*** Extracted material
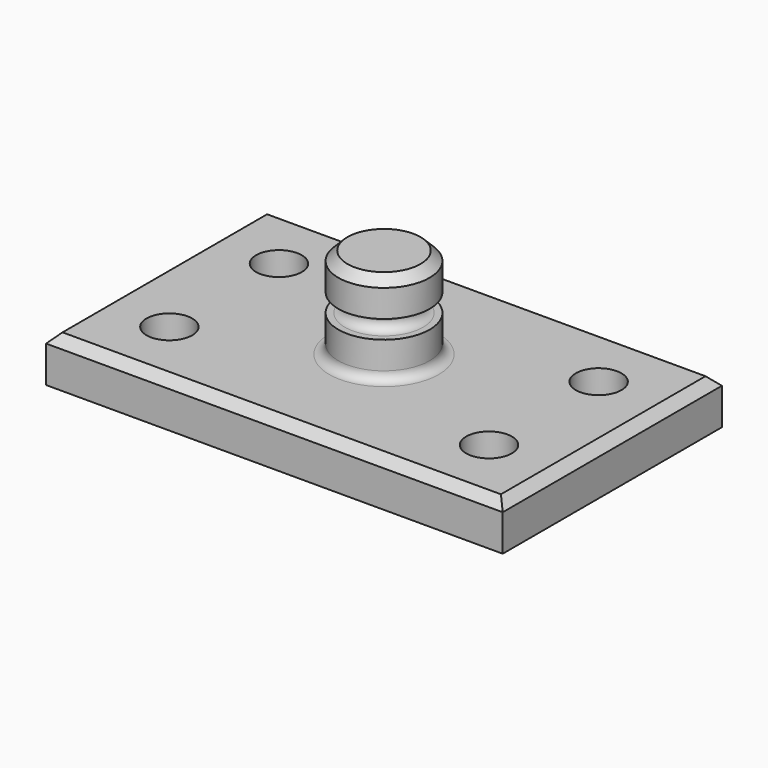
from build123d import *

# Parameters (mm, degrees)
F0_W     = 127
F0_H     = 76.2
F1_DEPTH = 12.7
F2_R     = 6.35
F3_DEPTH = 12.701
F4_SIZE  = 2.54
F7_R     = 2.53999
F8_SIZE  = 2.54


# Not quite as in the source:
# - a fillet or chamfer is up to 0.001 mm smaller than in the source, because OpenCascade refuses the exact size


with BuildPart() as f1:
    # F0 (on Top) → F1 (new body)
    with BuildSketch(Plane.XY):
        Rectangle(F0_W, F0_H)
    extrude(amount=F1_DEPTH)

    # F2 (on face) → F3 (cut, through all)
    with BuildSketch(Plane.XY.offset(12.7)):
        with Locations((-44.45, 19.05)):
            Circle(F2_R)
        with Locations((44.45, 19.05)):
            Circle(F2_R)
        with Locations((44.45, -19.05)):
            Circle(F2_R)
        with Locations((-44.45, -19.05)):
            Circle(F2_R)
    extrude(amount=-F3_DEPTH, mode=Mode.SUBTRACT)

    # F4
    f4_edges = [f1.edges().sort_by_distance(p)[0] for p in [
        (-63.5, 0, 12.7),
        (0, 38.1, 12.7),
        (0, -38.1, 12.7),
        (63.5, 0, 12.7),
    ]]
    chamfer(f4_edges, length=F4_SIZE)

    # F5 (on Front) → F6 (revolve)
    with BuildSketch(Plane.XZ):
        Polygon((0, 38.1), (0, 12.7), (12.7, 12.7), (12.7, 22.86), (8.3547569811, 22.86), (8.3547569811, 27.94), (12.7, 27.94), (12.7, 38.1), align=None)
    revolve(axis=Axis((0, 0, 25.4), (0, 0, 1)))

    # F7 (radius 2.54 in the source; OpenCascade refuses exactly that, so slightly less here)
    f7_edges = [f1.edges().sort_by_distance(p)[0] for p in [
        (-12.7, 0, 12.7),
        (-8.354757, 0, 22.86),
        (-8.354757, 0, 27.94),
    ]]
    fillet(f7_edges, radius=F7_R)

    # F8
    f8_edges = [f1.edges().sort_by_distance(p)[0] for p in [
        (-12.7, 0, 38.1),
    ]]
    chamfer(f8_edges, length=F8_SIZE)


solid = f1.part
******
## The task
Nothing but the lines from the one containing "chamfer(f4_edges, length=F4_SIZE)" to the end of the records above should appear, each copied exactly.

## Output below
    chamfer(f4_edges, length=F4_SIZE)

    # F5 (on Front) → F6 (revolve)
    with BuildSketch(Plane.XZ):
        Polygon((0, 38.1), (0, 12.7), (12.7, 12.7), (12.7, 22.86), (8.3547569811, 22.86), (8.3547569811, 27.94), (12.7, 27.94), (12.7, 38.1), align=None)
    revolve(axis=Axis((0, 0, 25.4), (0, 0, 1)))

    # F7 (radius 2.54 in the source; OpenCascade refuses exactly that, so slightly less here)
    f7_edges = [f1.edges().sort_by_distance(p)[0] for p in [
        (-12.7, 0, 12.7),
        (-8.354757, 0, 22.86),
        (-8.354757, 0, 27.94),
    ]]
    fillet(f7_edges, radius=F7_R)

    # F8
    f8_edges = [f1.edges().sort_by_distance(p)[0] for p in [
        (-12.7, 0, 38.1),
    ]]
    chamfer(f8_edges, length=F8_SIZE)


solid = f1.part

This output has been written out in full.